**Data for this task**

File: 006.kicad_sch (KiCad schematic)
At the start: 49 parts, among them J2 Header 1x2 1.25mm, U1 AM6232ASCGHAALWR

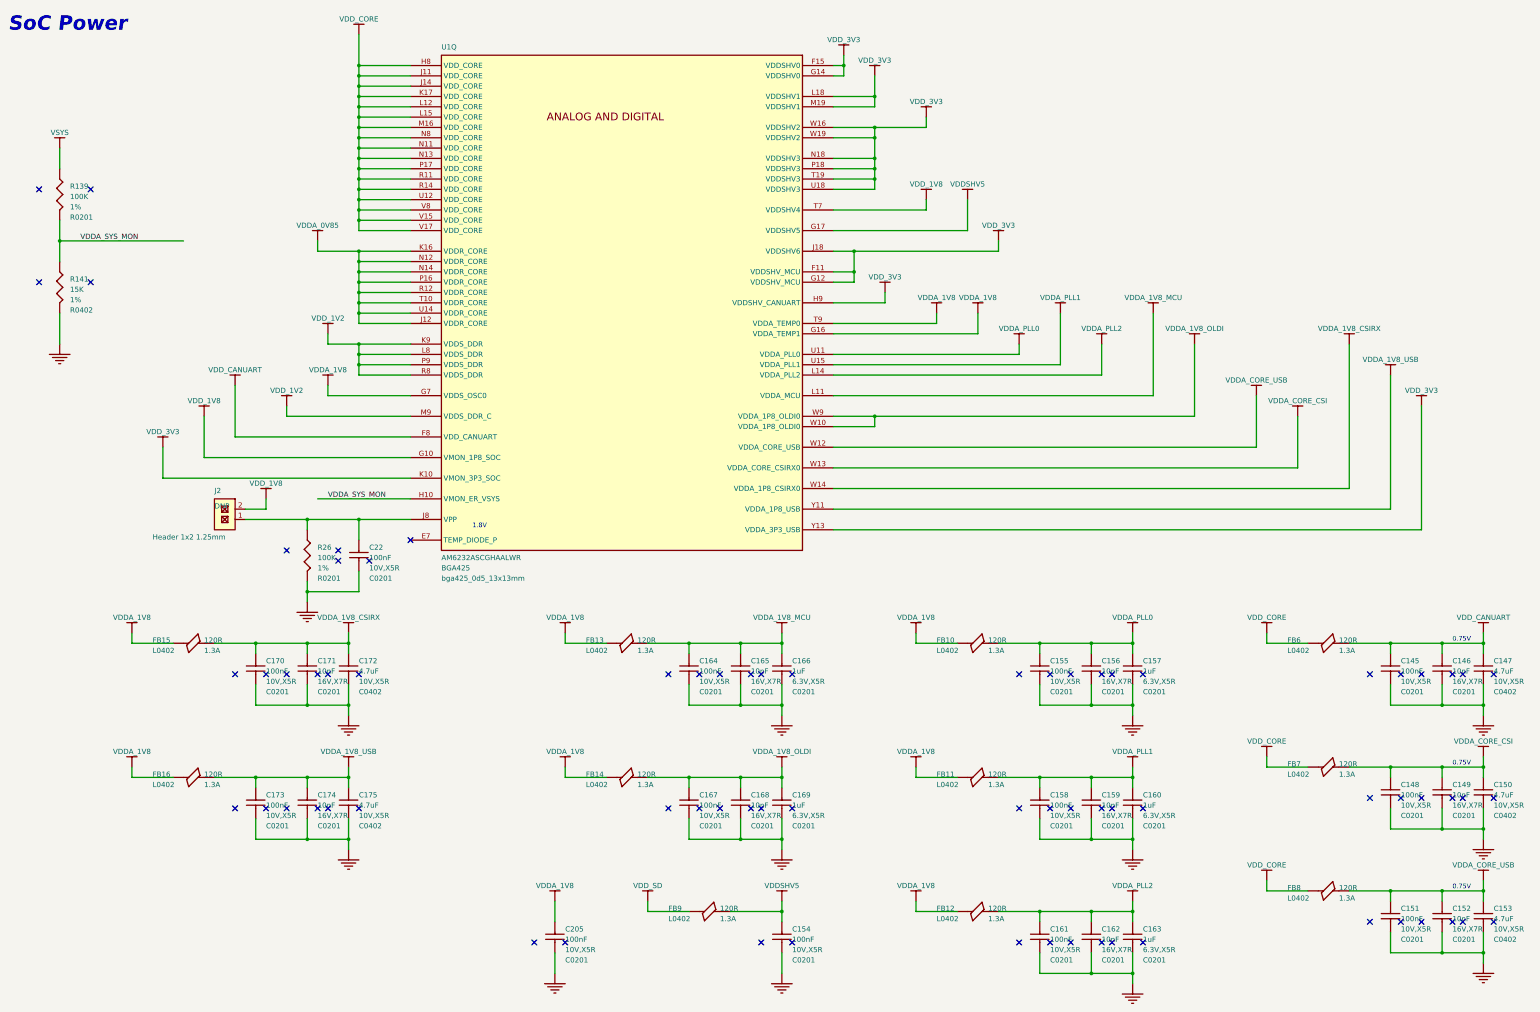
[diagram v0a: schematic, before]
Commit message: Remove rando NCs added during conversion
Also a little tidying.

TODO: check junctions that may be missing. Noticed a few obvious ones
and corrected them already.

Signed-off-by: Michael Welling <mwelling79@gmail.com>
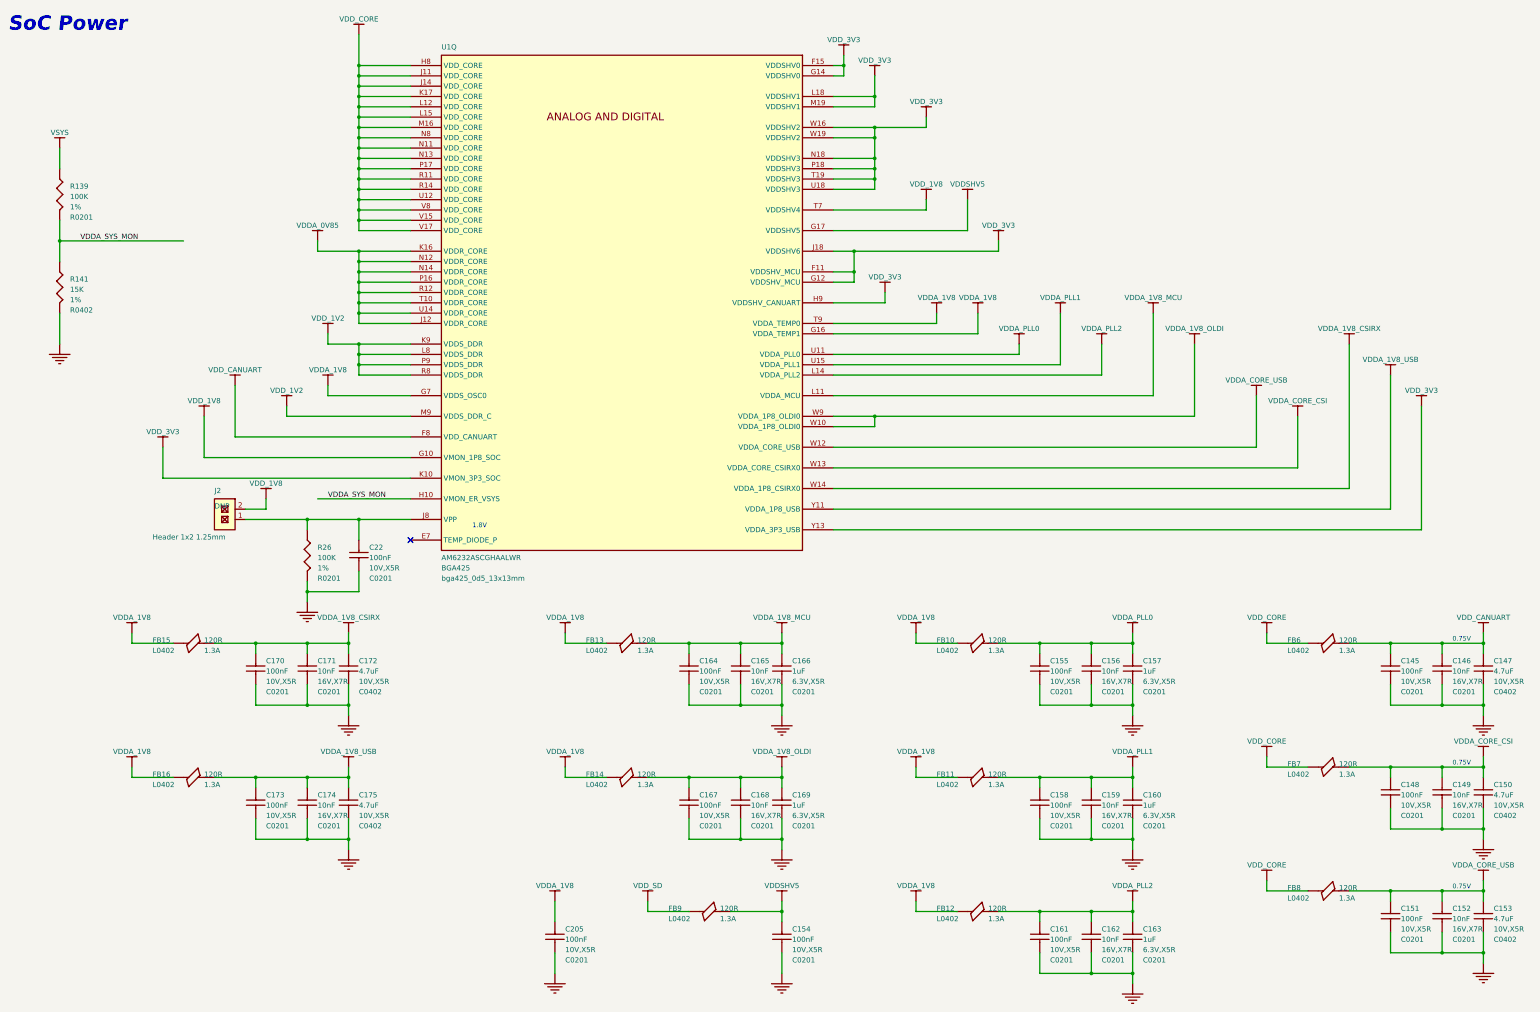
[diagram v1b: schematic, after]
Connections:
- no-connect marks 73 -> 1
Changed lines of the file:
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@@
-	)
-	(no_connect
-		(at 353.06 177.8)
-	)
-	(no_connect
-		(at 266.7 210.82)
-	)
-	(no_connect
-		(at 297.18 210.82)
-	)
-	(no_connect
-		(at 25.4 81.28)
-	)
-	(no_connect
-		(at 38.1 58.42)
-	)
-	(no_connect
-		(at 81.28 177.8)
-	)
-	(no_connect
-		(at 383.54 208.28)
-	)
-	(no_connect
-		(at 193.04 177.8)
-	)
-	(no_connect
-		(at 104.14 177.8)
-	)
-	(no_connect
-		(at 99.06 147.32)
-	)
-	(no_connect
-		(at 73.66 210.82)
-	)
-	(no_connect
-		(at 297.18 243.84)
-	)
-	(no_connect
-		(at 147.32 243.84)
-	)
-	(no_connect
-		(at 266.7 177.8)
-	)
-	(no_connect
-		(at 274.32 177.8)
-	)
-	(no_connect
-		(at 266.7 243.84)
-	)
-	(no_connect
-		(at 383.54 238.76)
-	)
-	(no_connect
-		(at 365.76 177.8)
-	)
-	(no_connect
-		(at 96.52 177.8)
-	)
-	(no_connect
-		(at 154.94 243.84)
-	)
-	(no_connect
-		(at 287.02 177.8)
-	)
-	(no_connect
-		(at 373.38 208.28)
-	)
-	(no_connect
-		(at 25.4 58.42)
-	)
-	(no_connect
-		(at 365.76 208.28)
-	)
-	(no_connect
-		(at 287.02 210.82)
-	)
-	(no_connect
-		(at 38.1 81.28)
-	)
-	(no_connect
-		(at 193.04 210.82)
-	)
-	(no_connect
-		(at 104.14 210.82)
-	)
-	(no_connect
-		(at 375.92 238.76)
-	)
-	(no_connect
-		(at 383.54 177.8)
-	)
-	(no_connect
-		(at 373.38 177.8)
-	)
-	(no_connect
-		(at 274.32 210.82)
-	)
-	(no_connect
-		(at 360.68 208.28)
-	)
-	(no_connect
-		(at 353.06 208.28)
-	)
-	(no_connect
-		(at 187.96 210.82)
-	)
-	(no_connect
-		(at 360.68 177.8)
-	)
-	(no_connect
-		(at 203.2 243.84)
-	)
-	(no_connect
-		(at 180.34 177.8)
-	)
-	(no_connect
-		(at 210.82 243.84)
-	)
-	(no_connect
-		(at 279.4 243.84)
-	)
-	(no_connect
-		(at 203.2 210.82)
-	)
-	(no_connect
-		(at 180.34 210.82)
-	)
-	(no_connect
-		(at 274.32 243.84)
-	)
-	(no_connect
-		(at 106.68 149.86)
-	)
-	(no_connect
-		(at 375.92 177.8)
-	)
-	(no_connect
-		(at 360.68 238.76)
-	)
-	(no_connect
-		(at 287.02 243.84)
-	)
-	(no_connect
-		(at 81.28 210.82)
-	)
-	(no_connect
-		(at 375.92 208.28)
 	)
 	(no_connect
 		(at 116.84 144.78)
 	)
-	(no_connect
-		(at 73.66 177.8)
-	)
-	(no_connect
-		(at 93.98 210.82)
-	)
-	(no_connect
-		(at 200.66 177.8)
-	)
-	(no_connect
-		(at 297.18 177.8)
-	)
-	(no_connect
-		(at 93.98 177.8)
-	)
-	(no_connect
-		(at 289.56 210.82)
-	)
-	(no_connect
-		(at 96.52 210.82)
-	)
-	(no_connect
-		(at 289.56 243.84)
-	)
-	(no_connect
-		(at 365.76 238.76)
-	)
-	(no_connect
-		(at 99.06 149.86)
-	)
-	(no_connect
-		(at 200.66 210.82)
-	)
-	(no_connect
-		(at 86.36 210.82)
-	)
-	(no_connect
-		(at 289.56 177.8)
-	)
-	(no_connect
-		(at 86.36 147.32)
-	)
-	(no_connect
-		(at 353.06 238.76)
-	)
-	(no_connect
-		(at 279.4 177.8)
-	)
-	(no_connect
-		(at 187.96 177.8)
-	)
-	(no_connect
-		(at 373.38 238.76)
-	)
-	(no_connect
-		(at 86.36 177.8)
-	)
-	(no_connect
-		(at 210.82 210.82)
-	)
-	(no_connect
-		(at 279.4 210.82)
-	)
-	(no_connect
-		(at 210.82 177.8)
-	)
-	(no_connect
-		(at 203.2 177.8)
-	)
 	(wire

**Task brief**
Across the entries, how many lines hold the word "them"? Say only the number.

**Exercise answer**
2